Distribution Is Optimization

Original statement (false):

Distribution is an optimization technique: you distribute a program across multiple computers because you want it to scale, or you want the user interface to be responsive, or for some similar reason.

Therefore, the decision to distribute should be made according to the RulesOfOptimization, and never up front.

Revised statement: (controversial)

Distribution is sometimes an optimization technique. Examples include scalability and responsiveness. When distributing for these reasons, the decision should be made according to the RulesOfOptimization, and never up front.

Distillation of discussion:

Distribution is not just an optimization technique. There are legitimate needs for distribution. See below for examples.

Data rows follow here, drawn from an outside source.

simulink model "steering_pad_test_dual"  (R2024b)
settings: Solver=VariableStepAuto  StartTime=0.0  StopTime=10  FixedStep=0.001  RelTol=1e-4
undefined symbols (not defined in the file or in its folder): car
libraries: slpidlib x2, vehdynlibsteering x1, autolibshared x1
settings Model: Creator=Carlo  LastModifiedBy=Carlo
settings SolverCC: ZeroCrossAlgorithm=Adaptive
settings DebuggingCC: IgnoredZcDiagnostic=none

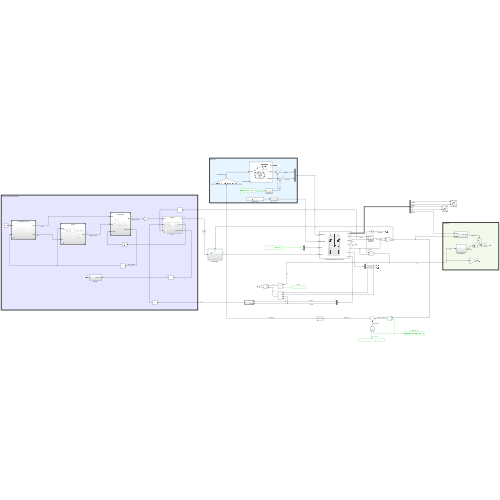
[thumbnail: Simulink's stored preview of the top-level diagram]
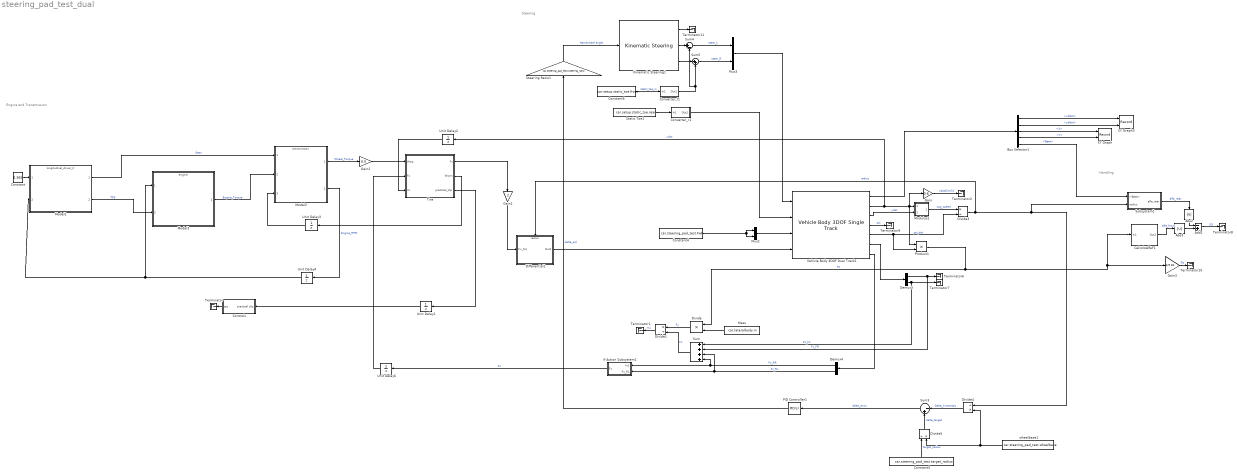
== system steering_pad_test_dual ==
  note: Handling
  note: Steering
  note: Engine and Transmission
  Abs2 : Abs  SaturateOnIntegerOverflow=off
  Abs3 : Abs  SaturateOnIntegerOverflow=off
  Add1 : Sum  Inputs=-+
  Bus Selector1 : BusSelector  OutputSignals=BdyFrm.Cg.Acc.xddot,BdyFrm.Cg.Acc.yddot,InertFrm.Cg.Disp.X,InertFrm.Cg.Disp.Y,BdyFrm.Geom.Ang.Beta
  CalcoloAlfaF1 : Subsystem
  Constant : Constant  Value=0.365
  Constant4 : Constant  Value=car.steering_pad_test.FwF
  Constant5 : Constant  Value=car.steering_pad_test.target_radius
  Constant6 : Constant  Value=car.setup.static_toe.front
  Controls : Subsystem
  Converter_f1 : Subsystem
  Converter_r1 : Subsystem
  Demux3 : Demux  Outputs=2
  Demux4 : Demux  Outputs=2
  Differential1 : Subsystem
      settings: PortSchema="{\"entries\":[{\"content\":{\"sides\":[{\"content\":{\"connectorIds\":[\"In1\"]},\"type\":\"ConnectorPlacement.EquallySpacedRectSide\",\"uuid\":\"e0135ed7-8abf-48dc-a26a-f2473ebc5583\"},{\"content\":{\"connectorIds\":[\"Out1\"],\"side\":\"RIGHT\"},\"type\":\"ConnectorPlacement.EquallySpacedRectSide\",\"uuid\":\"62eb6c38-b859-47c0-94be-9d58d81aad83\"},{\"content\":{\"connectorIds\":[\"In2\"],\"side\":\"TOP\"},\"type\":\"ConnectorPlacement.EquallySpacedRectSide\",\"uuid\":\"7d57c051-97d0-4363-afda-d558cd95b86e\"},{\"content\":{\"side\":\"BOTTOM\"},\"type\":\"ConnectorPlacement.EquallySpacedRectSide\",\"uuid\":\"2453ae4c-76f8-40d8-a1dc-17514a77823a\"}]},\"type\":\"ConnectorPlacement.EquallySpacedConnector\",\"uuid\":\"6460a95d-0a38-4080-9ca3-bbd140d34657\"}],\"packageUris\":[\"http://schema.mathworks.com/mf0/Connector/R2020b\"],\"version\":\"1.0\"}"
  Divide : Product  Inputs=**
  Divide1 : Product  Inputs=*/
  Divide3 : Product  Inputs=*/
  Divide4 : Product  Inputs=/*
  Divide5 : Product  Inputs=/*
  Gain : Gain  Gain=3.6
  Gain1 : Gain  Gain=2
  Gain2 : Gain  Gain=0.5
  Gain3 : Gain  Gain=1/9.81
  If Action Subsystem1 : Subsystem  TreatAsAtomicUnit=on
  Kinematic Steering1 : vehdynlibsteering/Kinematic Steering  StrgType=Ackerman  StrgRatioType=Constant  Loc=Front  NrmlFctr=car.kinematic_steering.NrmlFctr  TrckWdth=car.kinematic_steering.TrckWdth  WhlBase=car.kinematic_steering.WhlBase  Db=car.kinematic_steering.Db  StrgRng=car.kinematic_steering.StrgRng  StrgAngBpts="[-6.2832   -5.0265   -3.7699   -2.5133   -1.2566         0    1.2566    2.5133    3.7699    5.0265    6.2832]"  StrgRatioTbl=|  StrgRatio=car.kinematic_steering.StrgRatio  PctAckIn=off  PctAck=car.kinematic_steering.PctAck  PctAckTbl=ones(1,11)*100  StrgArmLngth=0.1  RckCsLngth=0.5  TieRodLngth=0.248  D=0.2  PnnRadius=0.00085818  PnnRadiusTbl="[0.0055    0.0055    0.0056    0.0057    0.0058    0.0057    0.0057    0.0057    0.0056    0.0055    0.0055]"  RodLngth=0.1  ParaArmLngth=0.9  aMode=2
      | [13.5000   13.3750   13.2500   13.1250   13.0000   13.0000   13.0000   13.1250   13.2500   13.3750   13.5000
      | ]
  Mass : Constant  Value=car.lateralbody.m
  Model1 : ModelReference  ModelNameDialog=longitudinal_driver_2.slx  SimulationMode=Normal  ModelReferenceVersion=1.7
  Model2 : ModelReference  ModelNameDialog=transmission.slx  SimulationMode=Normal  ModelReferenceVersion=1.12
  Model3 : ModelReference  ModelNameDialog=engine.slx  SimulationMode=Normal  ModelReferenceVersion=1.18
  Modulus1 : Subsystem
  Mux2 : Mux  Inputs=2
  Mux3 : Mux  Inputs=2
  PID Controller1 : slpidlib/PID Controller  Controller=PID  Form=Parallel  TimeDomain=Continuous-time  UseExternalTs=off  SampleTime=-1  IntegratorMethod=Forward Euler  FilterMethod=Forward Euler  ControllerParametersSource=internal  P=car.steering_pad_test.PID.P  I=car.steering_pad_test.PID.I  UseKiTs=off  D=car.steering_pad_test.PID.D  UseExternalDerivativeSource=off  N=car.steering_pad_test.PID.N  UseFilter=on  TunerSelectOption=Transfer Function Based (PID Tuner App)  InitialConditionSource=internal  InitialConditionForIntegrator=0  InitialConditionForFilter=0  DifferentiatorICPrevScaledInput=0  ExternalReset=none  TrackingMode=off  Kt=1  LimitOutput=off  SatLimitsSource=internal  UpperSaturationLimit=inf  LowerSaturationLimit=-inf  LinearizeAsGain=on  AntiWindupMode=none  Kb=1  LimitIntegrator=off  UpperIntegratorSaturationLimit=inf  LowerIntegratorSaturationLimit=-inf  POutMin=[]  POutMax=[]  IOutMin=[]  IOutMax=[]  DOutMin=[]  DOutMax=[]  NOutMin=[]  NOutMax=[]  SumOutMin=[]  SumOutMax=[]  SaturationOutMin=[]  SaturationOutMax=[]  PParamMin=[]  PParamMax=[]  IParamMin=[]  IParamMax=[]  DParamMin=[]  DParamMax=[]  NParamMin=[]  NParamMax=[]  KbParamMin=[]  KbParamMax=[]  KtParamMin=[]  KtParamMax=[]  KbOutMin=[]  KbOutMax=[]  KtOutMin=[]  KtOutMax=[]  IntegratorOutMin=[]  IntegratorOutMax=[]  FilterOutMin=[]  FilterOutMax=[]  SumI1OutMin=[]  SumI1OutMax=[]  SumI2OutMin=[]  SumI2OutMax=[]  SumI3OutMin=[]  SumI3OutMax=[]  SumI4OutMin=[]  SumI4OutMax=[]  SumDOutMin=[]  SumDOutMax=[]  DifferentiatorOutMin=[]  DifferentiatorOutMax=[]  FilterDiffOutCoefMin=[]  FilterDiffOutCoefMax=[]  ReciprocalOutMin=[]  ReciprocalOutMax=[]  SumDenOutMin=[]  SumDenOutMax=[]  SumNumOutMin=[]  SumNumOutMax=[]  DivideOutMin=[]  DivideOutMax=[]  UdiffTsProdOutMin=[]  UdiffTsProdOutMax=[]  NTsProdOutMin=[]  NTsProdOutMax=[]  UintegralTsProdOutMin=[]  UintegralTsProdOutMax=[]  UngainTsProdOutMin=[]  UngainTsProdOutMax=[]  ClampingZeroOutDataTypeStr=Inherit: Inherit via back propagation  ClampingZeroOutMin=[]  ClampingZeroOutMax=[]  FilterDenConstantOutDataTypeStr=Inherit: Inherit via back propagation  FilterDenConstantOutMin=[]  FilterDenConstantOutMax=[]  PCopyOutDataTypeStr=Inherit: Inherit via back propagation  PCopyOutMin=[]  PCopyOutMax=[]  NCopyOutDataTypeStr=Inherit: Inherit via back propagation  NCopyOutMin=[]  NCopyOutMax=[]  IntegratorContinuousStateAttributes=''  IntegratorStateMustResolveToSignalObject=off  IntegratorRTWStateStorageClass=Auto  FilterContinuousStateAttributes=''  FilterStateMustResolveToSignalObject=off  FilterRTWStateStorageClass=Auto  ParallelPVariant=InternalParameters  IdealPVariant=Disabled  IVariant=InternalParameters  DVariant=InternalParameters  IntegratorVariant=Continuous  SatVariant=Disabled  AWVariant=Passthrough  PCopyVariant=Disabled  TRVariant=Disabled  FdbkBlocksVariant=Forward  IdealPFdbkVariant=Disabled  SatFdbkVariant=Disabled  DerivativeFilterVariant=ContFilter  NVariant=InternalParameters  NCopyVariant=Disabled  FilterICVariant=InternalICsFilter  IntegratorICVariant=InternalICs  ExternalResetVariant=Disabled  TRSumVariant=Passthrough  SumFdbkVariant=Disabled  SumVariant=Sum_PID  TsampFilterVariant=InternalTs  TsampNgainVariant=Passthrough  TsampIntegralVariant=Disabled_SignalSpec  ExternalSaturationOutDataTypeStr=Inherit: Same as second input  DerivativeSourceVariant=ErrorSignal  PreIntVariant=InternalPreInt
  Product1 : Product
  Static Toe1 : Constant  Value=car.setup.static_toe.rear
  Steering Ratio1 : Gain  Gain=car.steering_pad_test.steering_ratio
  Subsystem1 : Subsystem
  Sum : Sum  Inputs=++++
  Sum3 : Sum  Inputs=|-+
  Sum4 : Sum  Inputs=|+-
  Sum5 : Sum  Inputs=|++
  Terminator{,1..2,6..11} (9 alike) : Terminator
  Tire : Subsystem  Variant=on
  Unit Delay1 : UnitDelay  SampleTime=-1  HasFrameUpgradeWarning=on
  Unit Delay2 : UnitDelay  InitialCondition=car.initialconditions.xdot  SampleTime=-1  HasFrameUpgradeWarning=on
  Unit Delay3 : UnitDelay  InitialCondition=car.initialconditions.Wrpm  SampleTime=-1  HasFrameUpgradeWarning=on
  Unit Delay4 : UnitDelay  InitialCondition=car.initialconditions.EngineRPM  SampleTime=-1  HasFrameUpgradeWarning=on
  Unit Delay6 : UnitDelay  SampleTime=-1  HasFrameUpgradeWarning=on
  Vehicle Body 3DOF Dual Track1 : autolibshared/Vehicle Body 3DOF Single Track  trackMode=Dual  inputMode=External longitudinal forces  frontSteerMode=on  rearSteerMode=on  windMode=off  muMode=off  extFMode=off  extMMode=off  htchFMode=off  htchMMode=off  extXo=off  extpsio=off  extxdoto=off  extro=off  extYo=off  extTamb=off  extydoto=off  aMode=2  NF=car.lateralbody.NF  NR=car.lateralbody.NR  m=car.lateralbody.m  a=car.lateralbody.a  b=car.lateralbody.b  h=car.lateralbody.h  dh=1  hh=0.2  X_o=car.lateralbody.X_o  xdot_o=car.lateralbody.xdot_o  CalphaMode=off  sigmaMode=on  d=car.lateralbody.d  hl=0  w=car.lateral.body.w  Cy_f=car.lateralbody.Cy_f  Cy_r=car.lateralbody.Cy_r  sigma_f=car.lateralbody.sigma_f  sigma_r=car.lateralbody.sigma_r  alpha_f_brk=[-.1 .1]  Cy_f_data=[-9e3 9e3]  alpha_r_brk=[-.1 .1]  Cy_r_data=[-9e3 9e3]  Y_o=car.lateralbody.Y_o  ydot_o=car.lateralbody.ydot_o  Izz=car.lateralbody.Izz  psi_o=car.lateralbody.psi_o  r_o=car.lateralbody.r_o  Af=car.lateralbody.Af  Cd=car.lateralbody.Cd  Cl=car.lateralbody.Cl  Cpm=car.lateralbody.Cpm  beta_w=car.lateralbody.beta_w  Cs=car.lateralbody.Cs  Cym=car.lateralbody.Cym  Pabs=car.lateralbody.Pabs  Tair=car.lateralbody.Tair  g=car.lateralbody.g  mu=car.lateralbody.mu  xdot_tol=car.lateralbody.xdot_tol  Fznom=car.lateralbody.Fznom  Fxtire_sat=7e4  Fytire_sat=7e4  longOff=car.lateralbody.longOff  latOff=car.lateralbody.latOff  vertOff=car.lateralbody.vertOff  wrapAng=off
      settings: LibrarySourceBlock=vehdynlibeom/Vehicle Body 3DOF Dual Track
  XY Graph : Record  FileSettingsInternal="{\"entries\":[{\"content\":{\"excelSettings\":{\"content\":{},\"type\":\"Streamout.ExcelSettings\"}},\"type\":\"Streamout.FileSettingStorage\",\"uuid\":\"\"}],\"packageUris\":[\"http:\\/\\/schema.mathworks.com\\/mf0\\/streamout_blocks\\/R2020a\"],\"version\":\"1.0\"}"  Layout=[1 1]  SignalsInternal="{\"entries\":[{\"content\":{\"signals\":[{\"content\":{\"blockPath\":[],\"dimensions\":[1],\"domain\":\"\",\"lineColor\":\"#a2142f\",\"plots\":[ 1 ],\"port\":1,\"sid\":[\"\"],\"signalID\":1,\"signalName\":\"<X>\"},\"type\":\"RecordBlkView.Signal\",\"uuid\":\"\"},{\"content\":{\"blockPath\":[],\"dimensions\":[1],\"domain\":\"\",\"lineColor\":\"#139fff\",\"plots\":[ 1 ],\"port\":2,\"sid\":[\"\"],\"signalID\":2,\"signalName\":\"<Y>\"},\"type\":\"RecordBlkView.Signal\",\"uuid\":\"\"}]},\"type\":\"RecordBlkView.InputSignals\",\"uuid\":\"\"}],\"packageUris\":[\"http:\\/\\/schema.mathworks.com\\/mf0\\/streamout_blocks\\/R2020a\"],\"version\":\"1.0\"}"  VisualizationBindings="{\"xyplotplugin\":{\"info\":[{\"series\":[{\"bindingParametersList\":[{\"parameter\":\"X-Axis\",\"signalID\":1,\"signalName\":\"<X>\"},{\"parameter\":\"Y-Axis\",\"signalID\":2,\"signalName\":\"<Y>\"}],\"seriesID\":0}],\"subplotID\":1}]}}"  CompatibilityTag=XY
  XY Graph3 : Record  FileSettingsInternal="{\"entries\":[{\"content\":{\"excelSettings\":{\"content\":{},\"type\":\"Streamout.ExcelSettings\"}},\"type\":\"Streamout.FileSettingStorage\",\"uuid\":\"\"}],\"packageUris\":[\"http:\\/\\/schema.mathworks.com\\/mf0\\/streamout_blocks\\/R2020a\"],\"version\":\"1.0\"}"  Layout=[1 1]  SignalsInternal="{\"entries\":[{\"content\":{\"signals\":[{\"content\":{\"blockPath\":[],\"dimensions\":[1],\"domain\":\"\",\"lineColor\":\"#fe330a\",\"lineWidth\":2,\"port\":1,\"sid\":[\"\"],\"signalID\":1,\"signalName\":\"<xddot>\"},\"type\":\"RecordBlkView.Signal\",\"uuid\":\"\"},{\"content\":{\"blockPath\":[],\"dimensions\":[1],\"domain\":\"\",\"lineColor\":\"#22b573\",\"lineWidth\":2,\"port\":2,\"sid\":[\"\"],\"signalID\":2,\"signalName\":\"<yddot>\"},\"type\":\"RecordBlkView.Signal\",\"uuid\":\"\"}]},\"type\":\"RecordBlkView.InputSignals\",\"uuid\":\"\"}],\"packageUris\":[\"http:\\/\\/schema.mathworks.com\\/mf0\\/streamout_blocks\\/R2020a\"],\"version\":\"1.0\"}"  VisualizationBindings="{\"xyplotplugin\":{\"info\":[{\"series\":[],\"subplotID\":1}]}}"  CompatibilityTag=XY
  wheelbase1 : Constant  Value=car.steering_pad_test.wheelbase
  wires:
  Unit Delay3/1 -> Model2/3
  Model1/2 -> Model3/2  "TPS"
  Unit Delay4/1 -> Model3/1, Model1/2
  Unit Delay1/1 -> Controls/1(practical slip)
  Tire/3(practical_slip) -> Unit Delay1/1
  Model3/1 -> Model2/2  "Engine_Torque"
  Unit Delay2/1 -> Tire/3(Vx)
  Model1/1 -> Model2/1  "Gear"
  Tire/2(Wrpm) -> Unit Delay3/1
  Model2/1 -> Gain2/1  "Wheel_Torque"
  Model2/2 -> Unit Delay4/1  "Engine_RPM"
  Gain2/1 -> Tire/1(Wtrq)
  Sum3/1 -> PID Controller1/1  "delta_error"
  Bus Selector1/1 -> XY Graph3/1  "<xddot>"
  Modulus1/1(Out1) -> Divide3/1  "cog_speed"
  Bus Selector1/4 -> XY Graph/2  "<Y>"
  PID Controller1/1 -> Steering Ratio1/1  "delta_pid"
  Vehicle Body 3DOF Dual Track1/6 -> Demux3/1
  Bus Selector1/5 -> Subsystem1/1(<Beta>)  "<Beta>"
  Kinematic Steering1/1 -> Terminator11/1
  Bus Selector1/2 -> XY Graph3/2  "<yddot>"
  Divide5/1 -> Sum3/2  "delta_target"
  CalcoloAlfaF1/1(Out1) -> Abs3/1  "alfa_front"
  Constant4/1 -> Mux2/2, Mux2/1
  Constant5/1 -> Divide5/1  "target_radius"
  Subsystem1/1(alfa_rear) -> Abs2/1  "alfa_rear"
  Divide4/1 -> Sum3/1  "Delta_kinematic"
  Mux3/1 -> Vehicle Body 3DOF Dual Track1/1
  Vehicle Body 3DOF Dual Track1/1 -> Bus Selector1/1
  Abs3/1 -> Add1/2
  Sum5/1 -> Mux3/2  "steer_R"
  Kinematic Steering1/3 -> Sum5/1
  Divide3/1 -> Subsystem1/2(radius), Divide4/1, Differential1/2(radius)  "radius"
  Vehicle Body 3DOF Dual Track1/4 -> Terminator9/1  "psi"
  Mux2/1 -> Vehicle Body 3DOF Dual Track1/3
  Vehicle Body 3DOF Dual Track1/2 -> Unit Delay2/1, Gain/1, Modulus1/1(<xdot>), Product1/1  "xdot"
  Differential1/1(Out1) -> Vehicle Body 3DOF Dual Track1/4
  Add1/1 -> Terminator8/1  "US"
  Demux3/1 -> Sum/2, Terminator6/1  "Fz_FR"
  wheelbase1/1 -> Divide4/2, Divide5/2
  Demux3/2 -> Sum/1, Terminator7/1  "Fz_FL"
  Sum4/1 -> Mux3/1  "steer_L"
  Converter_f1/1(Out1) -> Sum4/2, Sum5/2
  Vehicle Body 3DOF Dual Track1/5 -> Product1/2, Divide3/2  "psi_dot"
  Static Toe1/1 -> Converter_r1/1(In1)
  Constant6/1 -> Converter_f1/1(In1)  "static_toe_in"
  Bus Selector1/3 -> XY Graph/1  "<X>"
  Converter_r1/1(Out1) -> Vehicle Body 3DOF Dual Track1/2
  Product1/1 -> Divide/1, CalcoloAlfaF1/1(In1), Gain3/1  "ay"
  Vehicle Body 3DOF Dual Track1/3 -> Modulus1/2(<ydot>)  "ydot"
  Gain3/1 -> Terminator10/1  "Gy"
  Abs2/1 -> Add1/1
  Steering Ratio1/1 -> Kinematic Steering1/1  "Handwheel angle"
  Kinematic Steering1/2 -> Sum4/1
  Demux4/1 -> Sum/4, If Action Subsystem1/1(In1)  "Fz_RR"
  Vehicle Body 3DOF Dual Track1/7 -> Demux4/1
  Demux4/2 -> Sum/3, If Action Subsystem1/2(Fz_RL)  "Fz_RL"
  If Action Subsystem1/1(Fz) -> Unit Delay6/1  "Fz"
  Unit Delay6/1 -> Tire/2(Fz)
  Constant/1 -> Model1/1
  Tire/1(Fx) -> Gain1/1
  Gain1/1 -> Differential1/1(Fx_tot)
  Controls/1(tps) -> Terminator/1
  Mass/1 -> Divide/2
  Divide/1 -> Divide1/1  "Fy"
  Divide1/1 -> Terminator1/1  "mu"
  Gain/1 -> Terminator2/1  "xdot[km/h]"
  Sum/1 -> Divide1/2  "Fz"

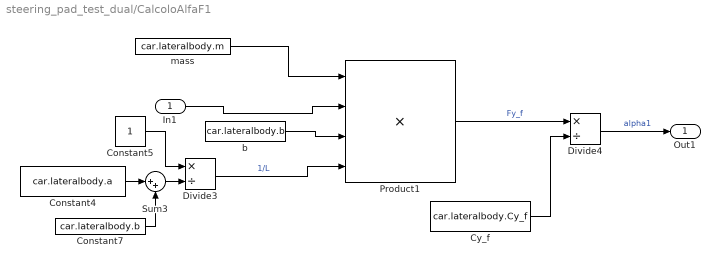
== system steering_pad_test_dual/CalcoloAlfaF1 ==
  In1 : Inport
  Constant4 : Constant  Value=car.lateralbody.a
  Constant5 : Constant
  Constant7 : Constant  Value=car.lateralbody.b
  Cy_f : Constant  Value=car.lateralbody.Cy_f
  Divide3 : Product  Inputs=*/
  Divide4 : Product  Inputs=*/
  Product1 : Product  Inputs=4
  Sum3 : Sum  Inputs=|++
  b : Constant  Value=car.lateralbody.b
  mass : Constant  Value=car.lateralbody.m
  Out1 : Outport
  wires:
  mass/1 -> Product1/1
  Divide3/1 -> Product1/4  "1/L"
  Sum3/1 -> Divide3/2
  b/1 -> Product1/3
  Constant4/1 -> Sum3/1
  Constant5/1 -> Divide3/1
  Divide4/1 -> Out1/1  "alpha1"
  Constant7/1 -> Sum3/2
  Product1/1 -> Divide4/1  "Fy_f"
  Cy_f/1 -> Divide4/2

When distribution is done as an optimization, the traditional approach is to design this into the architecture up front. The DistributionStories page includes anecdotes about this approach succeeding and failing. No one has yet contributed a story about distributing an application after first developing it under a non-distributed architecture.

See also:

Arguments in favor:

Distribution definitely seems like it would be optimization. The impression I get is that people do it up front because the decision to make software distributed can have such a radical effect on the program's design that the idea of adding distributedness at a late stage is too painful to contemplate. But, then, I have little-to-no experience actually working on distributed apps; the experiences of those who have would be useful to hear here. -- FrancisHwang

Arguments against:

There are many different reasons for distribution, and optimization is only one of them. A common reason for distribution is to allow communication between people and systems that are geographically distributed or managed by different organizations. For example, the airline booking system allows travel agents around the world to book seats on flights of any major airline. Distribution is a necessity, not an optimization, in this application. Banking networks have similar constraints.

This example does not require distribution, but only a client-server network. Distribution is something different. This example could also be used to describe dumb terminals connected to a time-sharing mainframe.

For me, a "client-server system" is a distributed system. The server logic is centralized, but the system as a whole (which includes the clients) is distributed. Your mainframe example is also a distributed system, no matter how dumb the clients are. And anyway, your example is extreme. Most client-server systems have at least some small intelligence on their clients. And if the client can talk to the server via a protocol, it's already intelligent enough for me. Hmm... maybe centralization is just an abstraction: everything, if inspected closely enough, is a communicant, distributed system?

A similar reason for distribution is to share limited resources among people. This is an economic optimization, not an engineering optimization. E.g. (1) not every university can afford their own supercomputer, so they share a supercomputer and send jobs to it over the network; (2) It is a waste of money to attach a printer to every PC in an organization, so put one or two printers on the network and send print jobs to them from PCs using a distributed printing protocol such as NetBIOS.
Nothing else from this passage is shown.